If you can't add a "visited" property to the nodes, use a set (or map) and just add all visited nodes to the set unless they are already in the set. Use a unique key or the address of the objects as the "key".

This also gives you the information about the "root" node of the cyclic dependency which will come in handy when a user has to fix the problem.

Another solution is to try to find the next dependency to execute. For this, you must have some stack where you can remember where you are now and what you need to do next. Check if a dependency is already on this stack before you execute it. If it is, you've found a cycle.

While this might seem to have a complexity of O(N*M) you must remember that the stack has a very limited depth (so N is small) and that M becomes smaller with each dependency that you can check off as "executed" plus you can stop the search when you found a leaf (so you never have to check every node -> M will be small, too).

In MetaMake, I created the graph as a list of lists and then deleted every node as I executed them which naturally cut down the search volume. I never actually had to run an independent check, it all happened automatically during normal execution.

If you need a "test only" mode, just add a "dry-run" flag which disables the execution of the actual jobs.

Start with a DFS: a cycle exists if and only if a back-edge is discovered during DFS. This is proved as a result of white-path theorum.

The simplest way to do it is to do a depth first traversal (DFT) of the graph.

If the graph has `n` vertices, this is a `O(n)` time complexity algorithm. Since you will possibly have to do a DFT starting from each vertex, the total complexity becomes `O(n^2)`.

You have to maintain a stack containing all vertices in the current depth first traversal, with its first element being the root node. If you come across an element which is already in the stack during the DFT, then you have a cycle.

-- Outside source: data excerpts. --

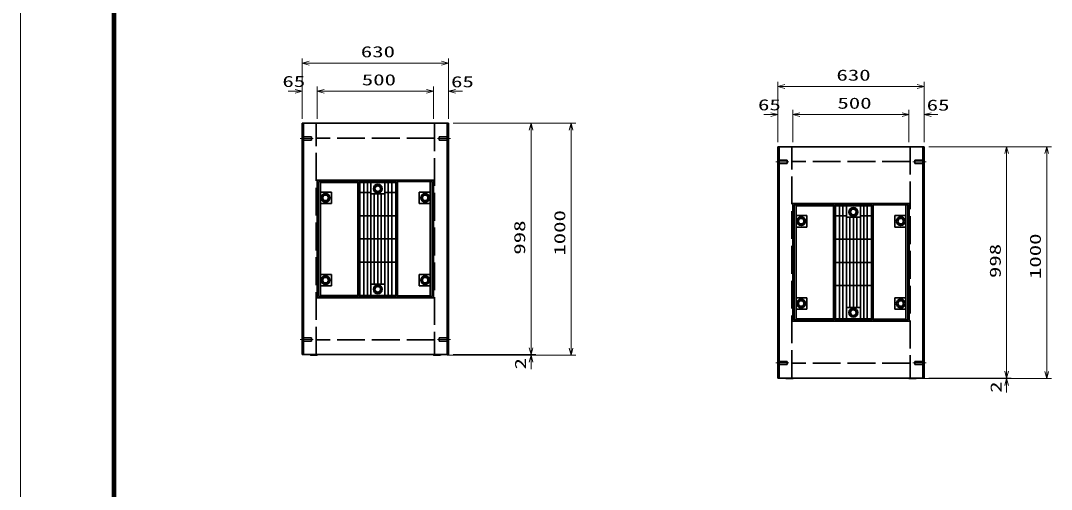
# Model space of a CAD drawing. Units: millimetres on the paper. Extents: x 0 to 841, y 0 to 594.
# Drawn here: x 0 to 222.1, y 296 to 397.1 of the extents above; entities that cross this region are included whole.
import ezdxf
from ezdxf.enums import TextEntityAlignment as Align

# ---------------------------------------------------------------- set-up
doc = ezdxf.new("R2010")
doc.units = ezdxf.units.MM
doc.linetypes.add('DASHED', pattern=[7.5, 6, -1.5])
doc.linetypes.add('USER2', pattern=[18.5, 12, -1.5, 3.5, -1.5])
for name, color, linetype, lineweight in [('D-BMK（構造物基準線）', 2, 'USER2', 18), ('D-STR-DIM（寸法）', 7, 'Continuous', 13), ('D-STR（構造物）', 1, 'Continuous', 35), ('D-TTL-LINE（区切線）', 7, 'Continuous', 18), ('D-TTL（外枠）', 2, 'Continuous', 140)]:
    doc.layers.add(name, color=color, linetype=linetype, lineweight=lineweight)
doc.styles.add('ＭＳ ゴシック', font='')
doc.styles.get('ＭＳ ゴシック').set_extended_font_data('MS Gothic')

# ---------------------------------------------------------------- blocks, each defined once
blk = doc.blocks.new('_Open30')
at = {"color": 7, "linetype": 'Continuous', "lineweight": 13}
for p, q in [((-1, 0.2679), (0, 0)), ((0, 0), (-1, -0.2679)), ((0, 0), (-1, 0))]:
    blk.add_line(p, q, dxfattribs=at)

msp = doc.modelspace()

# ---------------------------------------------------------------- linework, layer by layer
at = {"layer": 'D-BMK（構造物基準線）'}
for p, q in [((60.208, 371.685), (63.057, 371.685)), ((92.632, 371.685), (89.782, 371.685)), ((162.668, 366.645), (165.518, 366.645)), ((195.093, 366.645), (192.243, 366.645)), ((60.208, 328.285), (63.057, 328.285)), ((92.632, 328.285), (89.782, 328.285)), ((162.668, 323.245), (165.518, 323.245)), ((195.093, 323.245), (192.243, 323.245))]:
    msp.add_line(p, q, dxfattribs=at)
at = {"layer": 'D-STR-DIM（寸法）'}
for p, q in [((60.67, 375.935), (60.67, 388.912)), ((92.17, 382.892), (92.17, 388.912)), ((62.17, 387.912), (90.67, 387.912)), ((60.67, 375.935), (60.67, 382.861)), ((63.92, 375.935), (63.92, 382.861)), ((63.92, 375.935), (63.92, 382.861)), ((88.92, 375.935), (88.92, 382.861)), ((88.92, 375.935), (88.92, 382.861)), ((92.17, 375.935), (92.17, 382.861)), ((163.13, 370.895), (163.13, 383.872)), ((164.63, 382.872), (193.13, 382.872)), ((194.63, 377.852), (194.63, 383.872)), ((59.17, 381.861), (57.67, 381.861)), ((65.42, 381.861), (87.42, 381.861)), ((65.42, 381.861), (66.92, 381.861)), ((87.42, 381.861), (85.92, 381.861)), ((93.67, 381.861), (95.17, 381.861)), ((163.13, 370.895), (163.13, 377.822)), ((166.38, 370.895), (166.38, 377.822)), ((166.38, 370.895), (166.38, 377.822)), ((191.38, 370.895), (191.38, 377.822)), ((191.38, 370.895), (191.38, 377.822)), ((194.63, 370.895), (194.63, 377.822)), ((161.63, 376.822), (160.13, 376.822)), ((167.88, 376.822), (189.88, 376.822)), ((167.88, 376.822), (169.38, 376.822)), ((189.88, 376.822), (188.38, 376.822)), ((196.13, 376.822), (197.63, 376.822)), ((93.17, 374.935), (110.958, 374.935)), ((109.958, 326.535), (109.958, 373.435)), ((110.958, 374.935), (119.598, 374.935)), ((118.598, 326.435), (118.598, 373.435)), ((195.63, 369.895), (213.419, 369.895)), ((213.419, 369.895), (222.059, 369.895)), ((212.419, 321.495), (212.419, 368.395)), ((221.059, 321.395), (221.059, 368.395)), ((109.958, 326.535), (109.958, 328.035)), ((91.92, 324.935), (110.958, 324.935)), ((93.17, 325.035), (110.958, 325.035)), ((93.17, 325.035), (110.958, 325.035)), ((108.521, 324.935), (119.598, 324.935)), ((109.958, 323.435), (109.958, 321.935)), ((212.419, 321.495), (212.419, 322.995)), ((194.38, 319.895), (213.419, 319.895)), ((195.63, 319.995), (213.419, 319.995)), ((195.63, 319.995), (213.419, 319.995)), ((210.982, 319.895), (222.059, 319.895)), ((212.419, 318.395), (212.419, 316.895))]:
    msp.add_line(p, q, dxfattribs=at)
at = {"layer": 'D-STR（構造物）'}
for p, q in [((60.67, 325.035), (60.67, 374.935)), ((60.67, 374.935), (92.17, 374.935)), ((60.92, 325.035), (60.92, 374.935)), ((91.92, 374.935), (91.92, 325.035)), ((92.17, 374.935), (92.17, 325.035)), ((163.13, 319.995), (163.13, 369.895)), ((163.13, 369.895), (194.63, 369.895)), ((163.38, 319.995), (163.38, 369.895)), ((194.38, 369.895), (194.38, 319.995)), ((194.63, 369.895), (194.63, 319.995)), ((63.87, 362.66), (63.87, 337.31)), ((63.87, 362.66), (88.97, 362.66)), ((64.17, 362.36), (64.17, 337.61)), ((64.17, 362.36), (72.665, 362.36)), ((64.595, 362.66), (64.595, 337.81)), ((72.67, 362.16), (64.595, 362.16)), ((72.67, 337.31), (72.67, 362.66)), ((72.97, 337.61), (72.97, 362.36)), ((72.97, 362.36), (80.92, 362.36)), ((80.82, 362.16), (73.07, 362.16)), ((73.07, 362.16), (73.07, 349.985)), ((73.945, 362.16), (73.945, 349.985)), ((74.695, 349.985), (74.695, 362.16)), ((75.445, 362.16), (75.445, 349.985)), ((78.445, 362.16), (78.445, 349.985)), ((79.195, 349.985), (79.195, 362.16)), ((79.945, 362.16), (79.945, 349.985)), ((80.82, 349.985), (80.82, 362.16)), ((80.92, 337.61), (80.92, 362.36)), ((81.22, 362.66), (81.22, 337.31)), ((81.22, 362.36), (88.67, 362.36)), ((88.245, 362.209), (88.245, 337.76)), ((88.67, 362.36), (88.67, 337.61)), ((88.97, 362.66), (88.97, 337.31)), ((66.945, 360.11), (64.595, 360.11)), ((66.945, 360.11), (66.945, 357.61)), ((75.445, 359.985), (73.07, 359.985)), ((76.252, 360.835), (76.598, 361.435)), ((76.598, 360.235), (76.252, 360.835)), ((76.598, 361.435), (77.291, 361.435)), ((77.291, 360.235), (76.598, 360.235)), ((77.291, 361.435), (77.637, 360.835)), ((77.637, 360.835), (77.291, 360.235)), ((80.82, 359.985), (78.445, 359.985)), ((85.895, 360.11), (85.895, 357.61)), ((88.245, 360.11), (85.895, 360.11)), ((66.945, 357.61), (64.595, 357.61)), ((65.348, 359.46), (65.002, 358.86)), ((65.002, 358.86), (65.348, 358.26)), ((66.041, 359.46), (65.348, 359.46)), ((65.348, 358.26), (66.041, 358.26)), ((66.387, 358.86), (66.041, 359.46)), ((66.041, 358.26), (66.387, 358.86)), ((75.445, 359.735), (78.445, 359.735)), ((76.195, 349.985), (76.195, 359.735)), ((76.945, 349.985), (76.945, 359.735)), ((77.695, 359.735), (77.695, 349.985)), ((85.895, 357.61), (88.245, 357.61)), ((86.798, 359.46), (86.452, 358.86)), ((86.452, 358.86), (86.798, 358.26)), ((87.491, 359.46), (86.798, 359.46)), ((86.798, 358.26), (87.491, 358.26)), ((87.837, 358.86), (87.491, 359.46)), ((87.491, 358.26), (87.837, 358.86)), ((166.33, 357.62), (166.33, 332.271)), ((166.33, 357.62), (191.43, 357.62)), ((167.055, 357.62), (167.055, 332.771)), ((175.13, 332.271), (175.13, 357.62)), ((183.68, 357.62), (183.68, 332.271)), ((191.43, 357.62), (191.43, 332.271)), ((166.63, 357.32), (166.63, 332.571)), ((166.63, 357.32), (175.125, 357.32)), ((175.13, 357.121), (167.055, 357.121)), ((175.43, 332.571), (175.43, 357.32)), ((175.43, 357.32), (183.38, 357.32)), ((183.28, 357.12), (175.53, 357.12)), ((175.53, 357.12), (175.53, 344.945)), ((176.405, 357.12), (176.405, 344.945)), ((177.155, 344.945), (177.155, 357.12)), ((177.905, 357.12), (177.905, 344.945)), ((178.712, 355.795), (179.059, 356.396)), ((179.059, 355.195), (178.712, 355.795)), ((179.059, 356.396), (179.752, 356.396)), ((179.752, 356.396), (180.098, 355.795)), ((180.098, 355.795), (179.752, 355.195)), ((180.905, 357.12), (180.905, 344.945)), ((181.655, 344.945), (181.655, 357.12)), ((182.405, 357.12), (182.405, 344.945)), ((183.28, 344.945), (183.28, 357.12)), ((183.38, 332.571), (183.38, 357.32)), ((183.68, 357.32), (191.13, 357.32)), ((190.705, 357.17), (190.705, 332.721)), ((191.13, 357.32), (191.13, 332.571)), ((73.07, 354.985), (80.82, 354.985)), ((169.405, 355.07), (167.055, 355.07)), ((167.809, 354.42), (167.462, 353.82)), ((167.462, 353.82), (167.809, 353.22)), ((168.501, 354.42), (167.809, 354.42)), ((167.809, 353.22), (168.501, 353.22)), ((168.848, 353.82), (168.501, 354.42)), ((168.501, 353.22), (168.848, 353.82)), ((169.405, 355.07), (169.405, 352.57)), ((177.905, 354.945), (175.53, 354.945)), ((177.905, 354.695), (180.905, 354.695)), ((178.655, 344.945), (178.655, 354.695)), ((179.752, 355.195), (179.059, 355.195)), ((179.405, 344.945), (179.405, 354.695)), ((180.155, 354.695), (180.155, 344.945)), ((183.28, 354.945), (180.905, 354.945)), ((188.355, 355.07), (188.355, 352.57)), ((190.705, 355.07), (188.355, 355.07)), ((189.259, 354.42), (188.912, 353.82)), ((188.912, 353.82), (189.259, 353.22)), ((189.951, 354.42), (189.259, 354.42)), ((189.259, 353.22), (189.951, 353.22)), ((190.298, 353.82), (189.951, 354.42)), ((189.951, 353.22), (190.298, 353.82)), ((169.405, 352.57), (167.055, 352.57)), ((188.355, 352.57), (190.705, 352.57)), ((80.82, 349.985), (73.07, 349.985)), ((73.07, 337.81), (73.07, 349.985)), ((80.82, 349.985), (73.07, 349.985)), ((73.945, 337.81), (73.945, 349.985)), ((74.695, 349.985), (74.695, 337.81)), ((75.445, 337.81), (75.445, 349.985)), ((76.195, 349.985), (76.195, 340.235)), ((76.945, 349.985), (76.945, 340.235)), ((77.695, 340.235), (77.695, 349.985)), ((78.445, 337.81), (78.445, 349.985)), ((79.195, 349.985), (79.195, 337.81)), ((79.945, 337.81), (79.945, 349.985)), ((80.82, 349.985), (80.82, 337.81)), ((175.53, 349.946), (183.28, 349.946)), ((73.07, 344.985), (80.82, 344.985)), ((175.53, 332.771), (175.53, 344.946)), ((183.28, 344.946), (175.53, 344.946)), ((183.28, 344.945), (175.53, 344.945)), ((176.405, 332.771), (176.405, 344.946)), ((177.155, 344.946), (177.155, 332.771)), ((177.905, 332.771), (177.905, 344.946)), ((178.655, 344.946), (178.655, 335.196)), ((179.405, 344.946), (179.405, 335.196)), ((180.155, 335.196), (180.155, 344.946)), ((180.905, 332.771), (180.905, 344.946)), ((181.655, 344.946), (181.655, 332.771)), ((182.405, 332.771), (182.405, 344.946)), ((183.28, 344.946), (183.28, 332.771)), ((66.945, 342.36), (64.595, 342.36)), ((66.945, 339.86), (66.945, 342.36)), ((85.895, 342.36), (88.245, 342.36)), ((85.895, 339.86), (85.895, 342.36)), ((66.945, 339.86), (64.595, 339.86)), ((65.002, 341.11), (65.348, 341.71)), ((65.348, 340.51), (65.002, 341.11)), ((65.348, 341.71), (66.041, 341.71)), ((66.041, 340.51), (65.348, 340.51)), ((66.041, 341.71), (66.387, 341.11)), ((66.387, 341.11), (66.041, 340.51)), ((75.445, 340.235), (78.445, 340.235)), ((88.245, 339.86), (85.895, 339.86)), ((86.452, 341.11), (86.798, 341.71)), ((86.798, 340.51), (86.452, 341.11)), ((86.798, 341.71), (87.491, 341.71)), ((87.491, 340.51), (86.798, 340.51)), ((87.491, 341.71), (87.837, 341.11)), ((87.837, 341.11), (87.491, 340.51)), ((175.53, 339.946), (183.28, 339.946)), ((64.17, 337.61), (72.665, 337.61)), ((72.67, 337.81), (64.595, 337.81)), ((72.97, 337.61), (80.92, 337.61)), ((80.82, 337.81), (73.07, 337.81)), ((76.598, 339.735), (76.252, 339.135)), ((76.252, 339.135), (76.598, 338.535)), ((77.291, 339.735), (76.598, 339.735)), ((76.598, 338.535), (77.291, 338.535)), ((77.637, 339.135), (77.291, 339.735)), ((77.291, 338.535), (77.637, 339.135)), ((81.22, 337.76), (88.245, 337.76)), ((81.22, 337.61), (88.67, 337.61)), ((63.87, 337.31), (88.97, 337.31)), ((169.405, 337.321), (167.055, 337.321)), ((167.462, 336.071), (167.809, 336.671)), ((167.809, 335.471), (167.462, 336.071)), ((167.809, 336.671), (168.501, 336.671)), ((168.501, 335.471), (167.809, 335.471)), ((168.501, 336.671), (168.848, 336.071)), ((168.848, 336.071), (168.501, 335.471)), ((169.405, 334.821), (169.405, 337.321)), ((188.355, 337.321), (190.705, 337.321)), ((188.355, 334.821), (188.355, 337.321)), ((188.912, 336.071), (189.259, 336.671)), ((189.259, 335.471), (188.912, 336.071)), ((189.259, 336.671), (189.951, 336.671)), ((189.951, 335.471), (189.259, 335.471)), ((189.951, 336.671), (190.298, 336.071)), ((190.298, 336.071), (189.951, 335.471)), ((169.405, 334.821), (167.055, 334.821)), ((177.905, 335.196), (180.905, 335.196)), ((179.059, 334.695), (178.712, 334.095)), ((178.712, 334.095), (179.059, 333.495)), ((179.752, 334.695), (179.059, 334.695)), ((179.059, 333.495), (179.752, 333.495)), ((180.098, 334.095), (179.752, 334.695)), ((179.752, 333.495), (180.098, 334.095)), ((190.705, 334.821), (188.355, 334.821)), ((166.33, 332.271), (191.43, 332.271)), ((166.63, 332.571), (175.125, 332.571)), ((175.13, 332.771), (167.055, 332.771)), ((175.43, 332.571), (183.38, 332.571)), ((183.28, 332.771), (175.53, 332.771)), ((183.68, 332.721), (190.705, 332.721)), ((183.68, 332.571), (191.13, 332.571)), ((92.17, 325.035), (60.67, 325.035)), ((62.42, 324.935), (62.32, 325.035)), ((63.92, 324.935), (62.42, 324.935)), ((63.92, 324.935), (64.02, 325.035)), ((88.92, 324.935), (88.82, 325.035)), ((88.92, 324.935), (90.42, 324.935)), ((90.42, 324.935), (90.52, 325.035)), ((194.63, 319.995), (163.13, 319.995)), ((164.88, 319.895), (164.78, 319.995)), ((166.38, 319.895), (164.88, 319.895)), ((166.38, 319.895), (166.48, 319.995)), ((191.38, 319.895), (191.28, 319.995)), ((191.38, 319.895), (192.88, 319.895)), ((192.88, 319.895), (192.98, 319.995))]:
    msp.add_line(p, q, dxfattribs=at)
at = {"layer": 'D-STR（構造物）', "linetype": 'DASHED'}
for p, q in [((63.67, 325.035), (63.67, 374.935)), ((89.17, 374.935), (89.17, 325.035)), ((60.67, 372.035), (62.67, 372.035)), ((60.67, 371.335), (62.67, 371.335)), ((62.67, 371.335), (62.67, 372.035)), ((89.177, 371.753), (63.677, 371.753)), ((92.17, 372.035), (90.17, 372.035)), ((90.17, 371.335), (90.17, 372.035)), ((92.17, 371.335), (90.17, 371.335)), ((166.13, 319.995), (166.13, 369.895)), ((191.63, 369.895), (191.63, 319.995)), ((163.13, 366.995), (165.13, 366.995)), ((165.13, 366.295), (165.13, 366.995)), ((191.638, 366.714), (166.138, 366.714)), ((194.63, 366.995), (192.63, 366.995)), ((192.63, 366.295), (192.63, 366.995)), ((163.13, 366.295), (165.13, 366.295)), ((194.63, 366.295), (192.63, 366.295)), ((60.67, 328.635), (62.67, 328.635)), ((60.67, 327.935), (62.67, 327.935)), ((62.67, 328.635), (62.67, 327.935)), ((89.177, 328.217), (63.677, 328.217)), ((90.17, 328.635), (90.17, 327.935)), ((92.17, 328.635), (90.17, 328.635)), ((92.17, 327.935), (90.17, 327.935)), ((163.13, 323.595), (165.13, 323.595)), ((163.13, 322.895), (165.13, 322.895)), ((165.13, 323.595), (165.13, 322.895)), ((191.638, 323.177), (166.138, 323.177)), ((192.63, 323.595), (192.63, 322.895)), ((194.63, 323.595), (192.63, 323.595)), ((194.63, 322.895), (192.63, 322.895))]:
    msp.add_line(p, q, dxfattribs=at)
at = {"layer": 'D-STR（構造物）'}
for centre, radius in [((65.695, 358.86), 0.95), ((76.945, 360.835), 0.95), ((76.945, 360.835), 0.6), ((87.145, 358.86), 0.95), ((65.695, 358.86), 0.6), ((87.145, 358.86), 0.6), ((179.405, 355.795), 0.95), ((179.405, 355.795), 0.6), ((168.155, 353.82), 0.95), ((168.155, 353.82), 0.6), ((189.605, 353.82), 0.95), ((189.605, 353.82), 0.6), ((65.695, 341.11), 0.95), ((87.145, 341.11), 0.95), ((65.695, 341.11), 0.6), ((76.945, 339.135), 0.95), ((76.945, 339.135), 0.95), ((87.145, 341.11), 0.6), ((76.945, 339.135), 0.6), ((168.155, 336.071), 0.95), ((168.155, 336.071), 0.6), ((189.605, 336.071), 0.95), ((189.605, 336.071), 0.6), ((179.405, 334.096), 0.95), ((179.405, 334.095), 0.95), ((179.405, 334.095), 0.6)]:
    msp.add_circle(centre, radius, dxfattribs=at)
at = {"layer": 'D-TTL-LINE（区切線）'}
msp.add_line((0, 594), (0, 0), dxfattribs=at)
at = {"layer": 'D-TTL（外枠）'}
msp.add_line((20.1, 573.9), (20.1, 20.1), dxfattribs=at)

# ---------------------------------------------------------------- block references
at = {"layer": 'D-STR-DIM（寸法）'}
for p, xscale, yscale, rotation in [((60.67, 387.912), 1.5, 1.5, 180), ((63.92, 381.861), 1.5, 1.5, 180), ((63.92, 381.861), 1.5, 1.5, 180), ((92.17, 381.861), 1.5, 1.5, 180), ((163.13, 382.872), 1.499999, 1.499999, 180), ((166.38, 376.822), 1.499999, 1.499999, 180), ((166.38, 376.822), 1.499999, 1.499999, 180), ((194.63, 376.822), 1.499999, 1.499999, 180), ((109.958, 374.935), 1.5, 1.5, 90), ((118.598, 374.935), 1.5, 1.5, 90), ((212.419, 369.895), 1.499999, 1.499999, 90), ((221.059, 369.895), 1.499999, 1.499999, 90), ((109.958, 325.035), 1.5, 1.5, 270), ((109.958, 325.035), 1.5, 1.5, 270), ((118.598, 324.935), 1.5, 1.5, 270), ((109.958, 324.935), 1.5, 1.5, 90), ((212.419, 319.995), 1.499999, 1.499999, 270), ((212.419, 319.995), 1.499999, 1.499999, 270), ((212.419, 319.895), 1.499999, 1.499999, 90), ((221.059, 319.895), 1.499999, 1.499999, 270)]:
    msp.add_blockref('_Open30', p, dxfattribs=dict(at, xscale=xscale, yscale=yscale, rotation=rotation))
for p, xscale, yscale in [((92.17, 387.912), 1.5, 1.5), ((60.67, 381.861), 1.5, 1.5), ((88.92, 381.861), 1.5, 1.5), ((88.92, 381.861), 1.5, 1.5), ((194.63, 382.872), 1.499999, 1.499999), ((163.13, 376.822), 1.499999, 1.499999), ((191.38, 376.822), 1.499999, 1.499999), ((191.38, 376.822), 1.499999, 1.499999)]:
    msp.add_blockref('_Open30', p, dxfattribs=dict(at, xscale=xscale, yscale=yscale))

# ---------------------------------------------------------------- texts
at = {"layer": 'D-STR-DIM（寸法）', "style": 'ＭＳ ゴシック', "width": 1.5}
for s, p in [('630', (73.295, 388.449)), ('630', (175.755, 383.41)), ('65', (56.401, 382.05)), ('500', (73.503, 382.399)), ('65', (92.735, 381.985)), ('65', (158.861, 377.01)), ('500', (175.964, 377.36)), ('65', (195.195, 376.946))]:
    msp.add_text(s, height=2.405, dxfattribs=at).set_placement(p, align=Align.BOTTOM_LEFT)
for s, p in [('1000', (118.061, 346.393)), ('998', (109.421, 346.61)), ('1000', (220.521, 341.354)), ('998', (211.881, 341.57)), ('2', (109.596, 321.847)), ('2', (212.057, 316.807))]:
    msp.add_text(s, height=2.405, rotation=90, dxfattribs=at).set_placement(p, align=Align.BOTTOM_LEFT)

doc.saveas('drawing.dxf')

There is no algorithm which can find all the cycles in a directed graph in polynomial time. Suppose, the directed graph has n nodes and every pair of the nodes has connections to each other which means you have a complete graph. So any non-empty subset of these n nodes indicates a cycle and there are 2^n-1 number of such subsets. So no polynomial time algorithm exists. So suppose you have an efficient (non-stupid) algorithm which can tell you the number of directed cycles in a graph, you can first find the strong connected components, then applying your algorithm on these connected components. Since cycles only exist within the components and not between them.